How Event Professionals Can Think Like Futurists

Source :PCMA

Author: Casey Gale

Amid continuing uncertainty around planning events during COVID’s wild ride, we turned to professional futurists to help put us on the path to envisioning business events going forward. Here’s a shorthand guide to thinking like a futurist.

In a living-with-COVID world, if there was one association that you would assume would know precisely how its upcoming May conference in Toronto will take shape, it would be the Association of Professional Futurists (APF), whose members make their living by helping organizations see what’s around the corner and far down the road. But when Convene spoke in late December with APF board member Joyce Gioia, CEO of The Herman Group of Companies and board liaison for the association’s annual gathering, she said they were still exploring in-person, hybrid, and digital possibilities. (Several weeks after we spoke, Gioia said the decision was made to hold the event virtually.)

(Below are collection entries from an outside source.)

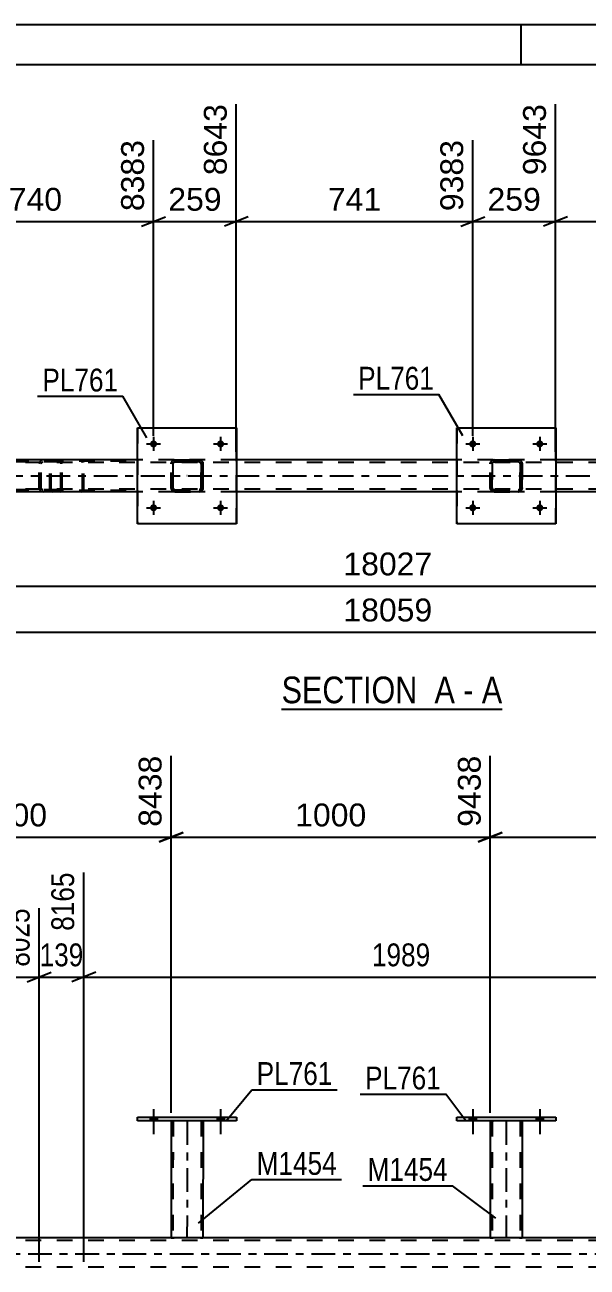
# Model space of a CAD drawing. Header units: millimetres. Extents: x 0 to 841, y 0 to 594.
# Drawn here: x 358.8 to 429.3, y 438.3 to 594 of the extents above; entities that cross this region are included whole.
import ezdxf

# ---------------------------------------------------------------- set-up
doc = ezdxf.new("R2010")
doc.units = ezdxf.units.MM
doc.linetypes.add('DXK_LINE_DOT2', pattern=[3.9198, 1.9599, -1.9599])
doc.linetypes.add('DXK_LINE_DOT3', pattern=[5.9187, 2.979, -0.9799, 0.9799, -0.9799])
doc.styles.add('Arial', font='ARIAL.TTF', dxfattribs={"height": 0.2})
doc.styles.add('Arial Narrow', font='ARIALN.TTF', dxfattribs={"height": 0.2})

# ---------------------------------------------------------------- blocks, each defined once
blk = doc.blocks.new('Unknown-814761036-1137')
at = {"color": 5, "linetype": 'Continuous'}
for p, q in [((841, 594), (0, 594)), ((421, 589), (421, 594)), ((836, 589), (5, 589))]:
    blk.add_line(p, q, dxfattribs=at)
blk = doc.blocks.new('Unknown-814761036-11 - 1274')
at = {"color": 6, "linetype": 'Continuous'}
blk.add_line((391, 508.25), (418.65, 508.25), dxfattribs=at)
at = {"color": 0, "linetype": 'Continuous'}
for points in [[(409.11, 509), (409.11, 512.5), (391, 512.5), (391, 509)], [(412.72, 509), (412.72, 512.5), (410.16, 512.5), (410.16, 509)], [(415.04, 509), (415.04, 512.5), (413.77, 512.5), (413.77, 509)], [(418.65, 509), (418.65, 512.5), (416.09, 512.5), (416.09, 509)]]:
    blk.add_wipeout(points, dxfattribs=at)
at = {"color": 7, "linetype": 'Continuous', "style": 'Arial Narrow'}
for s, p in [('SECTION ', (391, 509)), ('A', (410.16, 509)), ('A', (416.09, 509)), ('-', (413.77, 509))]:
    blk.add_text(s, height=3.34, dxfattribs=at).set_placement(p)
blk = doc.blocks.new('Part-814761036-1306 - 1274')
at = {"color": 7, "linetype": 'DXK_LINE_DOT2'}
for p, q in [((760.68, 539.17), (83.35, 539.17)), ((385.35, 539.49), (372.95, 539.49)), ((425.35, 539.49), (412.95, 539.49)), ((760.68, 535.81), (83.35, 535.81)), ((385.35, 535.49), (372.95, 535.49)), ((425.35, 535.49), (412.95, 535.49))]:
    blk.add_line(p, q, dxfattribs=at)
at = {"color": 2, "linetype": 'Continuous'}
for p, q in [((372.95, 539.49), (345.35, 539.49)), ((412.95, 539.49), (385.35, 539.49)), ((452.95, 539.49), (425.35, 539.49)), ((372.95, 535.49), (345.35, 535.49)), ((412.95, 535.49), (385.35, 535.49)), ((452.95, 535.49), (425.35, 535.49))]:
    blk.add_line(p, q, dxfattribs=at)
at = {"color": 7, "linetype": 'DXK_LINE_DOT3'}
blk.add_line((83.35, 537.49), (760.68, 537.49), dxfattribs=at)
blk = doc.blocks.new('Part-814761036-1372 - 1274')
at = {"color": 7, "linetype": 'DXK_LINE_DOT2'}
for p, q in [((361.97, 539.29), (361.94, 539.17)), ((361.94, 535.81), (361.94, 539.17)), ((362.11, 539.17), (362.12, 539.23)), ((362.11, 535.81), (362.11, 539.17)), ((362.12, 539.23), (362.16, 539.28)), ((362.28, 539.49), (362.15, 539.46)), ((362.16, 539.28), (362.21, 539.32)), ((362.21, 539.32), (362.28, 539.33)), ((371.51, 539.49), (362.28, 539.49)), ((371.51, 539.33), (362.28, 539.33)), ((365.99, 539.46), (365.86, 539.49)), ((365.86, 539.33), (365.92, 539.32)), ((365.92, 539.32), (365.94, 539.3)), ((365.94, 539.3), (365.98, 539.28)), ((365.98, 539.28), (366.01, 539.23)), ((366.01, 539.23), (366.03, 539.17)), ((366.03, 535.81), (366.03, 539.17)), ((366.2, 539.17), (366.17, 539.29)), ((366.2, 535.81), (366.2, 539.17)), ((361.94, 535.81), (361.97, 535.69)), ((362.12, 535.75), (362.11, 535.81)), ((362.16, 535.7), (362.12, 535.75)), ((362.15, 535.51), (362.28, 535.49)), ((362.16, 535.7), (362.19, 535.68)), ((362.19, 535.68), (362.21, 535.66)), ((362.21, 535.66), (362.28, 535.65)), ((371.51, 535.65), (362.28, 535.65)), ((371.51, 535.49), (362.28, 535.49)), ((365.92, 535.66), (365.86, 535.65)), ((365.86, 535.49), (365.99, 535.51)), ((365.98, 535.7), (365.92, 535.66)), ((366.01, 535.75), (365.98, 535.7)), ((366.03, 535.81), (366.01, 535.75)), ((366.17, 535.69), (366.2, 535.81))]:
    blk.add_line(p, q, dxfattribs=at)
for centre, start, end in [((362.27, 539.15), 110.7583, 155.68), ((365.87, 539.15), 24.32, 69.2417), ((362.27, 535.82), 204.32, 249.2417), ((365.87, 535.82), 290.7583, 335.68)]:
    blk.add_arc(centre, 0.331, start, end, dxfattribs=at)
blk = doc.blocks.new('Bolt-814761036-1440 - 1274')
at = {"linetype": 'Continuous'}
for points in [[(414.51, 541.49), (414.52, 541.58), (414.55, 541.67), (414.59, 541.75), (414.65, 541.82), (414.73, 541.87), (414.81, 541.91), (414.9, 541.93), (414.99, 541.93), (415.08, 541.91), (415.17, 541.87), (415.24, 541.82), (415.3, 541.75), (415.35, 541.67), (415.38, 541.58), (415.39, 541.49), (415.38, 541.4), (415.35, 541.31), (415.3, 541.23), (415.24, 541.16), (415.17, 541.11), (415.08, 541.07), (414.99, 541.05), (414.9, 541.05), (414.81, 541.07), (414.73, 541.11), (414.65, 541.16), (414.59, 541.23), (414.55, 541.31), (414.52, 541.4)], [(422.91, 541.49), (422.92, 541.58), (422.95, 541.67), (422.99, 541.75), (423.05, 541.82), (423.13, 541.87), (423.21, 541.91), (423.3, 541.93), (423.39, 541.93), (423.48, 541.91), (423.57, 541.87), (423.64, 541.82), (423.7, 541.75), (423.75, 541.67), (423.78, 541.58), (423.79, 541.49), (423.78, 541.4), (423.75, 541.31), (423.7, 541.23), (423.64, 541.16), (423.57, 541.11), (423.48, 541.07), (423.39, 541.05), (423.3, 541.05), (423.21, 541.07), (423.13, 541.11), (423.05, 541.16), (422.99, 541.23), (422.95, 541.31), (422.92, 541.4)]]:
    blk.add_hatch(color=1, dxfattribs=at).paths.add_polyline_path(points)
at = {"color": 1, "linetype": 'Continuous'}
for p, q in [((414.95, 542.37), (414.95, 540.61)), ((423.35, 542.37), (423.35, 540.61)), ((414.07, 541.49), (415.83, 541.49)), ((422.47, 541.49), (424.23, 541.49))]:
    blk.add_line(p, q, dxfattribs=at)
blk = doc.blocks.new('Part-814761036-1378 - 1274')
at = {"color": 7, "linetype": 'DXK_LINE_DOT2'}
for p, q in [((363.22, 539.49), (356.28, 539.49)), ((363.22, 539.25), (356.28, 539.25)), ((360.64, 539.09), (360.62, 539.01)), ((360.62, 535.97), (360.62, 539.01)), ((360.66, 539.19), (360.64, 539.09)), ((360.87, 539.01), (360.89, 539.1)), ((360.87, 535.97), (360.87, 539.01)), ((360.89, 539.1), (360.95, 539.18)), ((361.12, 539.49), (360.93, 539.45)), ((360.95, 539.18), (361.03, 539.23)), ((361.03, 539.23), (361.12, 539.25)), ((361.94, 539.25), (361.94, 539.49)), ((363.32, 539.45), (363.22, 539.49)), ((363.22, 539.25), (363.27, 539.23)), ((363.27, 539.23), (363.31, 539.18)), ((363.31, 539.18), (363.34, 539.1)), ((363.41, 539.35), (363.32, 539.45)), ((363.34, 539.1), (363.35, 539.01)), ((363.35, 535.97), (363.35, 539.01)), ((363.47, 539.19), (363.41, 539.35)), ((363.49, 539.01), (363.47, 539.19)), ((363.49, 535.97), (363.49, 539.01)), ((363.22, 535.73), (356.28, 535.73)), ((363.22, 535.49), (356.28, 535.49)), ((360.62, 535.97), (360.64, 535.88)), ((360.64, 535.88), (360.66, 535.78)), ((360.89, 535.88), (360.87, 535.97)), ((360.95, 535.8), (360.89, 535.88)), ((360.93, 535.53), (361.12, 535.49)), ((361.03, 535.75), (360.95, 535.8)), ((361.12, 535.73), (361.03, 535.75)), ((361.94, 535.49), (361.94, 535.73)), ((363.27, 535.75), (363.22, 535.73)), ((363.22, 535.49), (363.32, 535.53)), ((363.31, 535.8), (363.27, 535.75)), ((363.34, 535.88), (363.31, 535.8)), ((363.32, 535.53), (363.41, 535.63)), ((363.35, 535.97), (363.34, 535.88)), ((363.41, 535.63), (363.42, 535.66)), ((363.42, 535.66), (363.47, 535.78)), ((363.47, 535.78), (363.49, 535.97))]:
    blk.add_line(p, q, dxfattribs=at)
for centre, start, end in [((361.11, 538.99), 111.1941, 156.1506), ((361.11, 535.98), 203.8494, 248.8059)]:
    blk.add_arc(centre, 0.492, start, end, dxfattribs=at)
blk = doc.blocks.new('Bolt-814761036-1449 - 1274')
at = {"linetype": 'Continuous'}
for points in [[(374.51, 533.49), (374.52, 533.58), (374.55, 533.67), (374.59, 533.75), (374.65, 533.82), (374.73, 533.87), (374.81, 533.91), (374.9, 533.93), (374.99, 533.93), (375.08, 533.91), (375.17, 533.87), (375.24, 533.82), (375.3, 533.75), (375.35, 533.67), (375.38, 533.58), (375.39, 533.49), (375.38, 533.4), (375.35, 533.31), (375.3, 533.23), (375.24, 533.16), (375.17, 533.11), (375.08, 533.07), (374.99, 533.05), (374.9, 533.05), (374.81, 533.07), (374.73, 533.11), (374.65, 533.16), (374.59, 533.23), (374.55, 533.31), (374.52, 533.4)], [(382.91, 533.49), (382.92, 533.58), (382.95, 533.67), (382.99, 533.75), (383.05, 533.82), (383.13, 533.87), (383.21, 533.91), (383.3, 533.93), (383.39, 533.93), (383.48, 533.91), (383.57, 533.87), (383.64, 533.82), (383.7, 533.75), (383.75, 533.67), (383.78, 533.58), (383.79, 533.49), (383.78, 533.4), (383.75, 533.31), (383.7, 533.23), (383.64, 533.16), (383.57, 533.11), (383.48, 533.07), (383.39, 533.05), (383.3, 533.05), (383.21, 533.07), (383.13, 533.11), (383.05, 533.16), (382.99, 533.23), (382.95, 533.31), (382.92, 533.4)]]:
    blk.add_hatch(color=1, dxfattribs=at).paths.add_polyline_path(points)
at = {"color": 1, "linetype": 'Continuous'}
for p, q in [((374.95, 534.37), (374.95, 532.61)), ((383.35, 534.37), (383.35, 532.61)), ((374.07, 533.49), (375.83, 533.49)), ((382.47, 533.49), (384.23, 533.49))]:
    blk.add_line(p, q, dxfattribs=at)
blk = doc.blocks.new('Bolt-814761036-1450 - 1274')
at = {"linetype": 'Continuous'}
for points in [[(374.51, 541.49), (374.52, 541.58), (374.55, 541.67), (374.59, 541.75), (374.65, 541.82), (374.73, 541.87), (374.81, 541.91), (374.9, 541.93), (374.99, 541.93), (375.08, 541.91), (375.17, 541.87), (375.24, 541.82), (375.3, 541.75), (375.35, 541.67), (375.38, 541.58), (375.39, 541.49), (375.38, 541.4), (375.35, 541.31), (375.3, 541.23), (375.24, 541.16), (375.17, 541.11), (375.08, 541.07), (374.99, 541.05), (374.9, 541.05), (374.81, 541.07), (374.73, 541.11), (374.65, 541.16), (374.59, 541.23), (374.55, 541.31), (374.52, 541.4)], [(382.91, 541.49), (382.92, 541.58), (382.95, 541.67), (382.99, 541.75), (383.05, 541.82), (383.13, 541.87), (383.21, 541.91), (383.3, 541.93), (383.39, 541.93), (383.48, 541.91), (383.57, 541.87), (383.64, 541.82), (383.7, 541.75), (383.75, 541.67), (383.78, 541.58), (383.79, 541.49), (383.78, 541.4), (383.75, 541.31), (383.7, 541.23), (383.64, 541.16), (383.57, 541.11), (383.48, 541.07), (383.39, 541.05), (383.3, 541.05), (383.21, 541.07), (383.13, 541.11), (383.05, 541.16), (382.99, 541.23), (382.95, 541.31), (382.92, 541.4)]]:
    blk.add_hatch(color=1, dxfattribs=at).paths.add_polyline_path(points)
at = {"color": 1, "linetype": 'Continuous'}
for p, q in [((374.95, 542.37), (374.95, 540.61)), ((383.35, 542.37), (383.35, 540.61)), ((374.07, 541.49), (375.83, 541.49)), ((382.47, 541.49), (384.23, 541.49))]:
    blk.add_line(p, q, dxfattribs=at)
blk = doc.blocks.new('Bolt-814761036-1451 - 1274')
at = {"linetype": 'Continuous'}
for points in [[(414.51, 533.49), (414.52, 533.58), (414.55, 533.67), (414.59, 533.75), (414.65, 533.82), (414.73, 533.87), (414.81, 533.91), (414.9, 533.93), (414.99, 533.93), (415.08, 533.91), (415.17, 533.87), (415.24, 533.82), (415.3, 533.75), (415.35, 533.67), (415.38, 533.58), (415.39, 533.49), (415.38, 533.4), (415.35, 533.31), (415.3, 533.23), (415.24, 533.16), (415.17, 533.11), (415.08, 533.07), (414.99, 533.05), (414.9, 533.05), (414.81, 533.07), (414.73, 533.11), (414.65, 533.16), (414.59, 533.23), (414.55, 533.31), (414.52, 533.4)], [(422.91, 533.49), (422.92, 533.58), (422.95, 533.67), (422.99, 533.75), (423.05, 533.82), (423.13, 533.87), (423.21, 533.91), (423.3, 533.93), (423.39, 533.93), (423.48, 533.91), (423.57, 533.87), (423.64, 533.82), (423.7, 533.75), (423.75, 533.67), (423.78, 533.58), (423.79, 533.49), (423.78, 533.4), (423.75, 533.31), (423.7, 533.23), (423.64, 533.16), (423.57, 533.11), (423.48, 533.07), (423.39, 533.05), (423.3, 533.05), (423.21, 533.07), (423.13, 533.11), (423.05, 533.16), (422.99, 533.23), (422.95, 533.31), (422.92, 533.4)]]:
    blk.add_hatch(color=1, dxfattribs=at).paths.add_polyline_path(points)
at = {"color": 1, "linetype": 'Continuous'}
for p, q in [((414.95, 534.37), (414.95, 532.61)), ((423.35, 534.37), (423.35, 532.61)), ((414.07, 533.49), (415.83, 533.49)), ((422.47, 533.49), (424.23, 533.49))]:
    blk.add_line(p, q, dxfattribs=at)
blk = doc.blocks.new('Part-814761036-1502 - 1274')
at = {"color": 2, "linetype": 'Continuous'}
for p, q in [((412.95, 531.49), (412.95, 543.49)), ((412.95, 543.49), (412.95, 543.49)), ((412.95, 543.49), (425.35, 543.49)), ((425.35, 543.49), (425.35, 531.49)), ((412.95, 531.49), (412.95, 531.49)), ((425.35, 531.49), (412.95, 531.49))]:
    blk.add_line(p, q, dxfattribs=at)
at = {"color": 7, "linetype": 'DXK_LINE_DOT2'}
for p, q in [((412.95, 543.49), (412.95, 531.49)), ((412.95, 543.49), (412.95, 543.49)), ((425.35, 531.49), (425.35, 543.49)), ((412.95, 531.49), (412.95, 531.49))]:
    blk.add_line(p, q, dxfattribs=at)
blk = doc.blocks.new('Part-814761036-1503 - 1274')
at = {"color": 7, "linetype": 'DXK_LINE_DOT2'}
for p, q in [((417.14, 539.01), (417.18, 539.19)), ((417.14, 539.01), (417.15, 539.01)), ((417.14, 535.97), (417.14, 539.01)), ((417.18, 539.19), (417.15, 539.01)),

The fact that professional futurists couldn’t say for certain what their upcoming event, only five months away, would look like puts the universal challenge of planning in the pandemic’s wake in stark relief. But even setting COVID aside, futurists don’t profess to have a crystal-ball clairvoyant ability to predict the future. They use strategic frameworks and foresight — a mix of intuition, understanding, and imagination, says Switzerland-based futurist Gerd Leonhard — to plan ahead.

The late Alvin Toffler, whose 1970 book Future Shock established him as one of the world’s foremost futurists, said we can only envision our future by tapping into our human capacity for creativity. Maria Bothwell, CEO of Toffler Associates, the strategic advisory firm he founded, shared one of his quotes when she spoke with Convene: “The inability to speak with precision and certainty about the future is no excuse for silence. It’s more important to be imaginative and insightful than to be 100-percent right.”